In [None]:
!pip install pandas --quiet
!pip install torchtext --quiet

In [None]:
import os
import numpy as np
import pandas as pd
import matplotlib.pyplot as plt
from tqdm.notebook import tqdm

from collections import Counter

import torch
import torch.nn as nn
import torch.optim as optim
import torch.nn.functional as F
from torch.utils.data import TensorDataset, DataLoader
from sklearn import metrics

import torchtext
from torchtext.data import get_tokenizer

from sklearn.utils import shuffle
from sklearn.metrics import classification_report
from sklearn.linear_model import LogisticRegression
from sklearn.model_selection import train_test_split
from sklearn.feature_extraction.text import CountVectorizer

for dirname, _, filenames in os.walk('/kaggle/input'):
    for filename in filenames:
        print(os.path.join(dirname, filename))

In [None]:
def set_device():
  device = "cuda" if torch.cuda.is_available() else "cpu"
  if device != "cuda":
    print("WARNING: For this notebook to perform best, "
          "if possible, in the menu under `Runtime` -> "
          "`Change runtime type.`  select `GPU` ")
  else:
    print("GPU is enabled in this notebook.")

  return device

In [None]:
# Set the device (check if gpu is available)
device = set_device()

In [None]:
df = pd.read_csv('/kaggle/input/english-contractions/df_processed_6labels.csv', delimiter=',')

# Let's have a look at it
df.head()

**Remove some classess: happiness, hate, fun, love, surprise**

In [None]:
indexForRemove = df[ (df['sentiment'] == 'happiness') | 
                    (df['sentiment'] == 'hate') | 
                    (df['sentiment'] == 'fun') | 
                    (df['sentiment'] == 'love') | 
                    (df['sentiment'] == 'surprise') | 
                    (df['sentiment'] == 'worry') ].index
print(len(indexForRemove))
df.drop(index=indexForRemove , inplace=True)
df.head()

In [None]:
VOC_CLASSES = df['sentiment'].unique()
LEN_CLASSES = len(VOC_CLASSES)
encoding2label = dict(enumerate(VOC_CLASSES))
label2encoding = {value: key for key, value in encoding2label.items()}

print(VOC_CLASSES, LEN_CLASSES)
print(encoding2label)
print(label2encoding)

In [None]:
X = df.content.values
y = [label2encoding[l] for l in df.sentiment.values]
print(len(X), len(y))

In [None]:
# Split the data into train and test
x_train_text, x_test_text, y_train, y_test = train_test_split(X, y, test_size=0.2, random_state=42, stratify=y)

# Tokenaizer sentences
this part will be change if use BERT

In [None]:
for x, y in zip(x_train_text[:5], y_train[:5]):
  print('{}: {}'.format(encoding2label[y], x))

In [None]:
tokenizer = get_tokenizer("basic_english")
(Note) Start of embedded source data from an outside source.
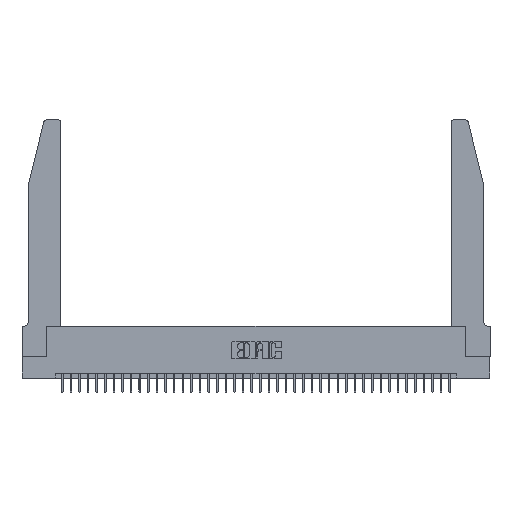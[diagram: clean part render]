
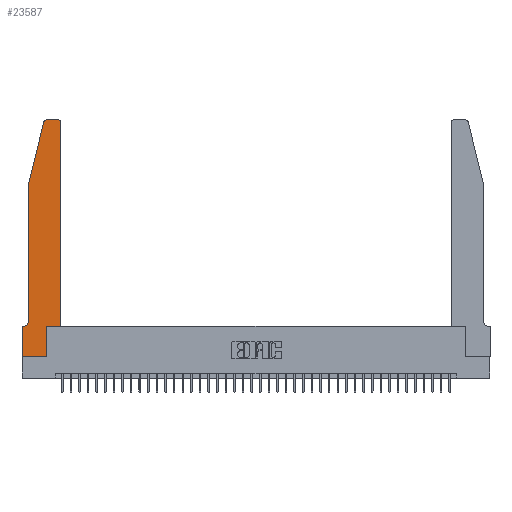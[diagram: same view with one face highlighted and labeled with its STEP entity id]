
A CAD part, top view. The second image highlights one B-rep face of the part: STEP entity #23587.
In plain terms, the highlighted planar face has unit normal (0, 0, 1).
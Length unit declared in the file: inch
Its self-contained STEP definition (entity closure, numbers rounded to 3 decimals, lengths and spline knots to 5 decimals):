
#181 = AXIS2_PLACEMENT_3D ( 'NONE', #430, #22405, #3638 ) ;
#188 = CARTESIAN_POINT ( 'NONE',  ( 0.4205, 2.75, 0.37 ) ) ;
#430 = CARTESIAN_POINT ( 'NONE',  ( 0.4205, 2.72, 0.37 ) ) ;
#515 = LINE ( 'NONE', #36688, #7957 ) ;
#664 = DIRECTION ( 'NONE',  ( 0., -1., 0. ) ) ;
#669 = LINE ( 'NONE', #28337, #33890 ) ;
#916 = LINE ( 'NONE', #25548, #16746 ) ;
#1992 = CARTESIAN_POINT ( 'NONE',  ( 0.2865, 0., 0.37 ) ) ;
#2192 = VERTEX_POINT ( 'NONE', #15181 ) ;
#2256 = EDGE_CURVE ( 'NONE', #9530, #27130, #28382, .T. ) ;
#2259 = VERTEX_POINT ( 'NONE', #24774 ) ;
#2435 = CARTESIAN_POINT ( 'NONE',  ( 0.0755, 0.35, 0.37 ) ) ;
#2694 = AXIS2_PLACEMENT_3D ( 'NONE', #9208, #30940, #12394 ) ;
#2830 = VECTOR ( 'NONE', #21733, 39.37008 ) ;
#3233 = CARTESIAN_POINT ( 'NONE',  ( 0.4505, 2.72, 0.37 ) ) ;
#3482 = DIRECTION ( 'NONE',  ( 0., 0., 1. ) ) ;
#3638 = DIRECTION ( 'NONE',  ( 1., 0., 0. ) ) ;
#3678 = LINE ( 'NONE', #16271, #36784 ) ;
#3720 = DIRECTION ( 'NONE',  ( 1., 0., 0. ) ) ;
#4019 = CARTESIAN_POINT ( 'NONE',  ( 0., 0., 0.37 ) ) ;
#4391 = ORIENTED_EDGE ( 'NONE', *, *, #34775, .T. ) ;
#5220 = VERTEX_POINT ( 'NONE', #188 ) ;
#5936 = CIRCLE ( 'NONE', #181, 0.03 ) ;
#6938 = CARTESIAN_POINT ( 'NONE',  ( 0.0055, 0.35, 0.37 ) ) ;
#6953 = DIRECTION ( 'NONE',  ( 0., -1., 0. ) ) ;
#7641 = EDGE_CURVE ( 'NONE', #14477, #18680, #669, .T. ) ;
#7957 = VECTOR ( 'NONE', #24422, 39.37008 ) ;
#8079 = VERTEX_POINT ( 'NONE', #18337 ) ;
#8516 = CARTESIAN_POINT ( 'NONE',  ( 0.4505, 0.35, 0.37 ) ) ;
#8523 = VERTEX_POINT ( 'NONE', #17387 ) ;
#9042 = ORIENTED_EDGE ( 'NONE', *, *, #20499, .T. ) ;
#9208 = CARTESIAN_POINT ( 'NONE',  ( 0.0055, 0.42, 0.37 ) ) ;
#9290 = DIRECTION ( 'NONE',  ( 0., 1., 0. ) ) ;
#9530 = VERTEX_POINT ( 'NONE', #13910 ) ;
#10097 = EDGE_CURVE ( 'NONE', #38165, #5220, #5936, .T. ) ;
#10503 = FACE_OUTER_BOUND ( 'NONE', #16645, .T. ) ;
#11520 = DIRECTION ( 'NONE',  ( 0., 0., 1. ) ) ;
#12394 = DIRECTION ( 'NONE',  ( -1., 0., 0. ) ) ;
#13213 = VECTOR ( 'NONE', #664, 39.37008 ) ;
#13910 = CARTESIAN_POINT ( 'NONE',  ( 0.0755, 0.42, 0.37 ) ) ;
#14217 = ORIENTED_EDGE ( 'NONE', *, *, #39906, .T. ) ;
#14477 = VERTEX_POINT ( 'NONE', #1992 ) ;
#15181 = CARTESIAN_POINT ( 'NONE',  ( 0., 0., 0.37 ) ) ;
#15774 = LINE ( 'NONE', #2435, #23047 ) ;
#16032 = CARTESIAN_POINT ( 'NONE',  ( 0., 0.35, 0.37 ) ) ;
#16271 = CARTESIAN_POINT ( 'NONE',  ( 0.4505, 0.35, 0.37 ) ) ;
#16440 = ORIENTED_EDGE ( 'NONE', *, *, #2256, .T. ) ;
#16512 = EDGE_CURVE ( 'NONE', #5220, #16608, #27765, .T. ) ;
#16608 = VERTEX_POINT ( 'NONE', #22154 ) ;
#16645 = EDGE_LOOP ( 'NONE', ( #27781, #14217, #25203, #4391, #16440, #35358, #38488, #9042, #34174, #30084, #16715, #30254 ) ) ;
#16715 = ORIENTED_EDGE ( 'NONE', *, *, #37379, .T. ) ;
#16746 = VECTOR ( 'NONE', #6953, 39.37008 ) ;
#16904 = VECTOR ( 'NONE', #24230, 39.37008 ) ;
#17387 = CARTESIAN_POINT ( 'NONE',  ( 0., 0.35, 0.37 ) ) ;
#18337 = CARTESIAN_POINT ( 'NONE',  ( 0.0755, 2., 0.37 ) ) ;
#18680 = VERTEX_POINT ( 'NONE', #21838 ) ;
#18782 = AXIS2_PLACEMENT_3D ( 'NONE', #16032, #3482, #25374 ) ;
#19489 = AXIS2_PLACEMENT_3D ( 'NONE', #30083, #11520, #33208 ) ;
#20499 = EDGE_CURVE ( 'NONE', #2192, #14477, #23665, .T. ) ;
#21733 = DIRECTION ( 'NONE',  ( -1., 0., 0. ) ) ;
#21838 = CARTESIAN_POINT ( 'NONE',  ( 0.2865, 0.35, 0.37 ) ) ;
#22154 = CARTESIAN_POINT ( 'NONE',  ( 0.284, 2.75, 0.37 ) ) ;
#22257 = PLANE ( 'NONE',  #18782 ) ;
#22405 = DIRECTION ( 'NONE',  ( 0., 0., 1. ) ) ;
#22658 = CARTESIAN_POINT ( 'NONE',  ( 0.0755, 2., 0.37 ) ) ;
#23047 = VECTOR ( 'NONE', #27464, 39.37008 ) ;
#23587 = ADVANCED_FACE ( 'NONE', ( #10503 ), #22257, .T. ) ;
#23665 = LINE ( 'NONE', #4019, #30859 ) ;
#24230 = DIRECTION ( 'NONE',  ( 0., 1., 0. ) ) ;
#24422 = DIRECTION ( 'NONE',  ( -0.239, -0.971, 0. ) ) ;
#24774 = CARTESIAN_POINT ( 'NONE',  ( 0.4505, 0.35, 0.37 ) ) ;
#25203 = ORIENTED_EDGE ( 'NONE', *, *, #29694, .T. ) ;
#25374 = DIRECTION ( 'NONE',  ( 1., 0., 0. ) ) ;
#25548 = CARTESIAN_POINT ( 'NONE',  ( 0., 0., 0.37 ) ) ;
#25891 = DIRECTION ( 'NONE',  ( 1., 0., 0. ) ) ;
#26240 = EDGE_CURVE ( 'NONE', #27130, #8523, #15774, .T. ) ;
#27130 = VERTEX_POINT ( 'NONE', #6938 ) ;
#27260 = VERTEX_POINT ( 'NONE', #32490 ) ;
#27464 = DIRECTION ( 'NONE',  ( -1., 0., 0. ) ) ;
#27765 = LINE ( 'NONE', #27831, #2830 ) ;
#27781 = ORIENTED_EDGE ( 'NONE', *, *, #16512, .T. ) ;
#27783 = EDGE_CURVE ( 'NONE', #18680, #2259, #3678, .T. ) ;
#27831 = CARTESIAN_POINT ( 'NONE',  ( 0.2605, 2.75, 0.37 ) ) ;
#28337 = CARTESIAN_POINT ( 'NONE',  ( 0.2865, 0.35, 0.37 ) ) ;
#28382 = CIRCLE ( 'NONE', #2694, 0.07 ) ;
#29694 = EDGE_CURVE ( 'NONE', #27260, #8079, #515, .T. ) ;
#30083 = CARTESIAN_POINT ( 'NONE',  ( 0.284, 2.72, 0.37 ) ) ;
#30084 = ORIENTED_EDGE ( 'NONE', *, *, #27783, .T. ) ;
#30254 = ORIENTED_EDGE ( 'NONE', *, *, #10097, .T. ) ;
#30859 = VECTOR ( 'NONE', #25891, 39.37008 ) ;
#30940 = DIRECTION ( 'NONE',  ( 0., 0., -1. ) ) ;
#31268 = EDGE_CURVE ( 'NONE', #8523, #2192, #916, .T. ) ;
#32490 = CARTESIAN_POINT ( 'NONE',  ( 0.25487, 2.72718, 0.37 ) ) ;
#33208 = DIRECTION ( 'NONE',  ( 1., 0., 0. ) ) ;
#33303 = LINE ( 'NONE', #8516, #16904 ) ;
#33890 = VECTOR ( 'NONE', #9290, 39.37008 ) ;
#34174 = ORIENTED_EDGE ( 'NONE', *, *, #7641, .T. ) ;
#34307 = CIRCLE ( 'NONE', #19489, 0.03 ) ;
#34775 = EDGE_CURVE ( 'NONE', #8079, #9530, #35963, .T. ) ;
#35358 = ORIENTED_EDGE ( 'NONE', *, *, #26240, .T. ) ;
#35963 = LINE ( 'NONE', #22658, #13213 ) ;
#36688 = CARTESIAN_POINT ( 'NONE',  ( 0.0755, 2., 0.37 ) ) ;
#36784 = VECTOR ( 'NONE', #3720, 39.37008 ) ;
#37379 = EDGE_CURVE ( 'NONE', #2259, #38165, #33303, .T. ) ;
#38165 = VERTEX_POINT ( 'NONE', #3233 ) ;
#38488 = ORIENTED_EDGE ( 'NONE', *, *, #31268, .T. ) ;
#39906 = EDGE_CURVE ( 'NONE', #16608, #27260, #34307, .T. ) ;
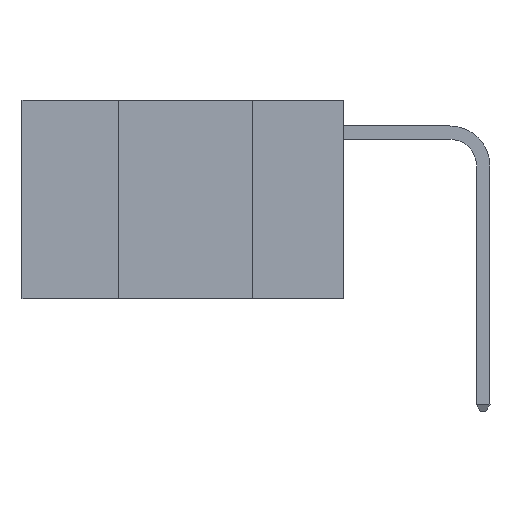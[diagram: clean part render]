
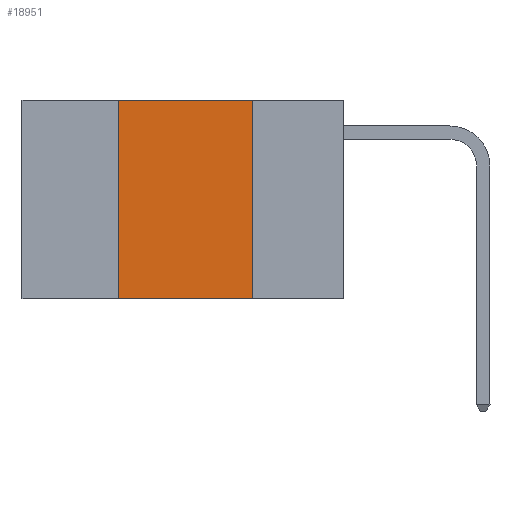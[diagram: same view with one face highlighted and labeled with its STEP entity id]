
A CAD part, left-side view. The second image highlights one B-rep face of the part: STEP entity #18951.
In plain terms, the highlighted planar face has unit normal (-1, 0, 0).
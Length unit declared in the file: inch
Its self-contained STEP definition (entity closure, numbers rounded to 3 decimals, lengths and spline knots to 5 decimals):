
#132 = AXIS2_PLACEMENT_3D ( 'NONE', #18697, #10295, #1144 ) ;
#306 = VECTOR ( 'NONE', #3462, 39.37008 ) ;
#706 = DIRECTION ( 'NONE',  ( 0., -1., 0. ) ) ;
#792 = CARTESIAN_POINT ( 'NONE',  ( 0., 0.6, 0. ) ) ;
#1144 = DIRECTION ( 'NONE',  ( 0., 0., -1. ) ) ;
#1701 = VERTEX_POINT ( 'NONE', #7183 ) ;
#2346 = DIRECTION ( 'NONE',  ( 0., -1., 0. ) ) ;
#2436 = CARTESIAN_POINT ( 'NONE',  ( 0., 0.6, -0.37 ) ) ;
#3152 = VERTEX_POINT ( 'NONE', #15735 ) ;
#3462 = DIRECTION ( 'NONE',  ( 0., 0., 1. ) ) ;
#4388 = ORIENTED_EDGE ( 'NONE', *, *, #4501, .F. ) ;
#4423 = LINE ( 'NONE', #15375, #306 ) ;
#4501 = EDGE_CURVE ( 'NONE', #3152, #9976, #6328, .T. ) ;
#4596 = ORIENTED_EDGE ( 'NONE', *, *, #10427, .F. ) ;
#6328 = LINE ( 'NONE', #792, #17371 ) ;
#6604 = FACE_OUTER_BOUND ( 'NONE', #18554, .T. ) ;
#6929 = DIRECTION ( 'NONE',  ( 0., 0., -1. ) ) ;
#7183 = CARTESIAN_POINT ( 'NONE',  ( 0., 0.42, -0.37 ) ) ;
#7913 = EDGE_CURVE ( 'NONE', #1701, #11607, #16211, .T. ) ;
#8385 = CARTESIAN_POINT ( 'NONE',  ( 0., 0.17, 0. ) ) ;
#8579 = VECTOR ( 'NONE', #2346, 39.37008 ) ;
#8956 = ORIENTED_EDGE ( 'NONE', *, *, #12388, .F. ) ;
#9287 = CARTESIAN_POINT ( 'NONE',  ( 0., 0.17, -0.37 ) ) ;
#9976 = VERTEX_POINT ( 'NONE', #14771 ) ;
#10295 = DIRECTION ( 'NONE',  ( 1., 0., 0. ) ) ;
#10427 = EDGE_CURVE ( 'NONE', #9976, #11607, #14997, .T. ) ;
#11171 = VECTOR ( 'NONE', #6929, 39.37008 ) ;
#11607 = VERTEX_POINT ( 'NONE', #9287 ) ;
#12388 = EDGE_CURVE ( 'NONE', #1701, #3152, #4423, .T. ) ;
#14650 = PLANE ( 'NONE',  #132 ) ;
#14771 = CARTESIAN_POINT ( 'NONE',  ( 0., 0.17, 0. ) ) ;
#14997 = LINE ( 'NONE', #8385, #11171 ) ;
#15375 = CARTESIAN_POINT ( 'NONE',  ( 0., 0.42, 0. ) ) ;
#15435 = ORIENTED_EDGE ( 'NONE', *, *, #7913, .T. ) ;
#15735 = CARTESIAN_POINT ( 'NONE',  ( 0., 0.42, 0. ) ) ;
#16211 = LINE ( 'NONE', #2436, #8579 ) ;
#17371 = VECTOR ( 'NONE', #706, 39.37008 ) ;
#18554 = EDGE_LOOP ( 'NONE', ( #4596, #4388, #8956, #15435 ) ) ;
#18697 = CARTESIAN_POINT ( 'NONE',  ( 0., 0.6, 0. ) ) ;
#18951 = ADVANCED_FACE ( 'NONE', ( #6604 ), #14650, .F. ) ;
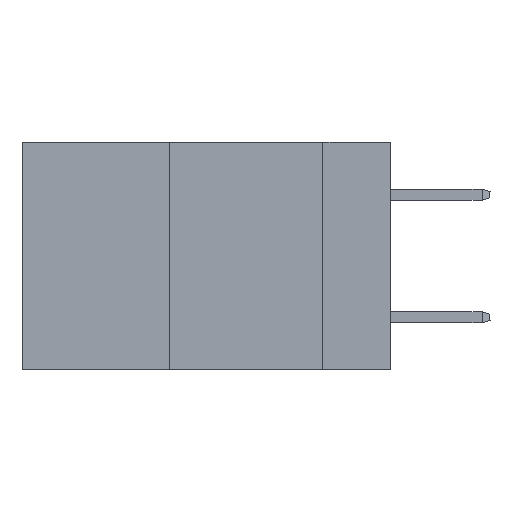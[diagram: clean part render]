
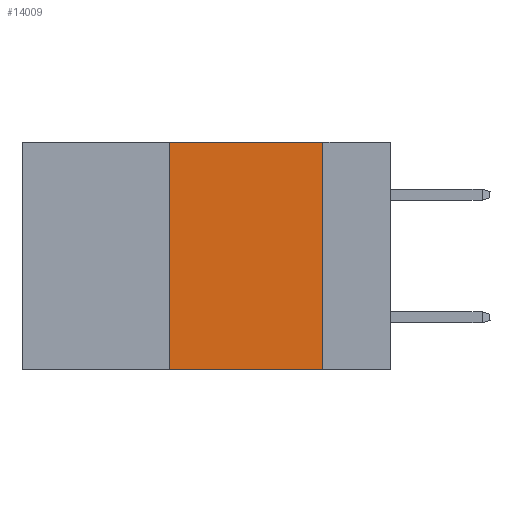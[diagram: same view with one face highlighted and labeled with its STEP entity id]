
A CAD part, left-side view. The second image highlights one B-rep face of the part: STEP entity #14009.
In plain terms, the highlighted planar face has unit normal (-1, 0, 0).
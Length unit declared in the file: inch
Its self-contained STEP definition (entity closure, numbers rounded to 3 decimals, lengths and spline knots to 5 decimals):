
#731 = DIRECTION ( 'NONE',  ( 1., 0., 0. ) ) ;
#979 = LINE ( 'NONE', #8983, #2115 ) ;
#1666 = VECTOR ( 'NONE', #17303, 39.37008 ) ;
#1976 = EDGE_CURVE ( 'NONE', #25601, #9074, #11157, .T. ) ;
#2115 = VECTOR ( 'NONE', #16063, 39.37008 ) ;
#2946 = DIRECTION ( 'NONE',  ( 0., 0., -1. ) ) ;
#3018 = VERTEX_POINT ( 'NONE', #7271 ) ;
#3062 = AXIS2_PLACEMENT_3D ( 'NONE', #5221, #731, #2946 ) ;
#5221 = CARTESIAN_POINT ( 'NONE',  ( 0., 0.6, 0. ) ) ;
#6309 = EDGE_CURVE ( 'NONE', #25601, #3018, #979, .T. ) ;
#6909 = ORIENTED_EDGE ( 'NONE', *, *, #6309, .T. ) ;
#7103 = ORIENTED_EDGE ( 'NONE', *, *, #8504, .F. ) ;
#7271 = CARTESIAN_POINT ( 'NONE',  ( 0., 0.11, -0.37 ) ) ;
#7648 = CARTESIAN_POINT ( 'NONE',  ( 0., 0.36, 0. ) ) ;
#7962 = LINE ( 'NONE', #8123, #1666 ) ;
#8123 = CARTESIAN_POINT ( 'NONE',  ( 0., 0.6, 0. ) ) ;
#8504 = EDGE_CURVE ( 'NONE', #9074, #9619, #7962, .T. ) ;
#8983 = CARTESIAN_POINT ( 'NONE',  ( 0., 0.6, -0.37 ) ) ;
#9074 = VERTEX_POINT ( 'NONE', #7648 ) ;
#9619 = VERTEX_POINT ( 'NONE', #12535 ) ;
#9987 = PLANE ( 'NONE',  #3062 ) ;
#11157 = LINE ( 'NONE', #19838, #28897 ) ;
#11376 = CARTESIAN_POINT ( 'NONE',  ( 0., 0.11, 0. ) ) ;
#12535 = CARTESIAN_POINT ( 'NONE',  ( 0., 0.11, 0. ) ) ;
#13982 = FACE_OUTER_BOUND ( 'NONE', #28635, .T. ) ;
#14009 = ADVANCED_FACE ( 'NONE', ( #13982 ), #9987, .F. ) ;
#14561 = EDGE_CURVE ( 'NONE', #9619, #3018, #15791, .T. ) ;
#15791 = LINE ( 'NONE', #11376, #25007 ) ;
#16063 = DIRECTION ( 'NONE',  ( 0., -1., 0. ) ) ;
#16920 = ORIENTED_EDGE ( 'NONE', *, *, #1976, .F. ) ;
#17303 = DIRECTION ( 'NONE',  ( 0., -1., 0. ) ) ;
#19838 = CARTESIAN_POINT ( 'NONE',  ( 0., 0.36, 0. ) ) ;
#21667 = DIRECTION ( 'NONE',  ( 0., 0., -1. ) ) ;
#24844 = CARTESIAN_POINT ( 'NONE',  ( 0., 0.36, -0.37 ) ) ;
#25007 = VECTOR ( 'NONE', #21667, 39.37008 ) ;
#25458 = ORIENTED_EDGE ( 'NONE', *, *, #14561, .F. ) ;
#25601 = VERTEX_POINT ( 'NONE', #24844 ) ;
#25696 = DIRECTION ( 'NONE',  ( 0., 0., 1. ) ) ;
#28635 = EDGE_LOOP ( 'NONE', ( #25458, #7103, #16920, #6909 ) ) ;
#28897 = VECTOR ( 'NONE', #25696, 39.37008 ) ;

print('Before Tokenize: ', x_train_text[1])
print('After Tokenize: ', tokenizer(x_train_text[1]))
x_train_token = [tokenizer(s) for s in tqdm(x_train_text)]
x_test_token = [tokenizer(s) for s in tqdm(x_test_text)]

In [None]:
words = Counter()
for s in x_train_token:
  for w in s:
    words[w] += 1

sorted_words = list(words.keys())
sorted_words.sort(key=lambda w: words[w], reverse=True)
print(f"Number of different Tokens in our Dataset: {len(sorted_words)}")
print(sorted_words[:100])

In [None]:
count_occurences = sum(words.values())

accumulated = 0
counter = 0

while accumulated < count_occurences * 0.8:
  accumulated += words[sorted_words[counter]]
  counter += 1

print(f"The {counter * 100 / len(words)}% most common words "
      f"account for the {accumulated * 100 / count_occurences}% of the occurrences")
plt.bar(range(100), [words[w] for w in sorted_words[:100]])
plt.show()

In [None]:
num_words_dict = 30000
# We reserve two numbers for special tokens.
most_used_words = sorted_words[:num_words_dict-2]

In [None]:
# dictionary to go from words to idx 
word_to_idx = {}
# dictionary to go from idx to words (just in case) 
idx_to_word = {}


# We include the special tokens first
PAD_token = 0   
UNK_token = 1

word_to_idx['PAD'] = PAD_token
word_to_idx['UNK'] = UNK_token

idx_to_word[PAD_token] = 'PAD'
idx_to_word[UNK_token] = 'UNK'

# We popullate our dictionaries with the most used words
for num,word in enumerate(most_used_words):
  word_to_idx[word] = num + 2
  idx_to_word[num+2] = word

In [None]:
# A function to convert list of tokens to list of indexes
def tokens_to_idx(sentences_tokens,word_to_idx):
  sentences_idx = []
  for sent in sentences_tokens:
    sent_idx = []
    for word in sent:
      if word in word_to_idx:
        sent_idx.append(word_to_idx[word])
      else:
        sent_idx.append(word_to_idx['UNK'])
    sentences_idx.append(sent_idx)
  return sentences_idx

In [None]:
x_train_idx = tokens_to_idx(x_train_token,word_to_idx)
x_test_idx = tokens_to_idx(x_test_token,word_to_idx)

In [None]:
some_number = 1
print('Before converting: ', x_train_token[some_number])
print('After converting: ', x_train_idx[some_number])

In [None]:
tweet_lens = np.asarray([len(sentence) for sentence in x_train_idx])
print('Max tweet word length: ',tweet_lens.max())
print('Mean tweet word length: ',np.median(tweet_lens))
print('99% percent under: ',np.quantile(tweet_lens,0.99))

In [None]:
# We choose the max length
max_length = 40

# A function to make all the sequence have the same lenght
# Note that the output is a Numpy matrix
def padding(sentences, seq_len):
  features = np.zeros((len(sentences), seq_len),dtype=int)
  for ii, tweet in enumerate(sentences):
    len_tweet = len(tweet) 
    if len_tweet != 0:
      if len_tweet <= seq_len:
        # If its shorter, we fill with zeros (the padding Token index)
        features[ii, -len(tweet):] = np.array(tweet)[:seq_len]
      if len_tweet > seq_len:
        # If its larger, we take the last 'seq_len' indexes
        features[ii, :] = np.array(tweet)[-seq_len:]
  return features

In [None]:
# We convert our list of tokens into a numpy matrix
# where all instances have the same lenght
x_train_pad = padding(x_train_idx,max_length)
x_test_pad = padding(x_test_idx,max_length)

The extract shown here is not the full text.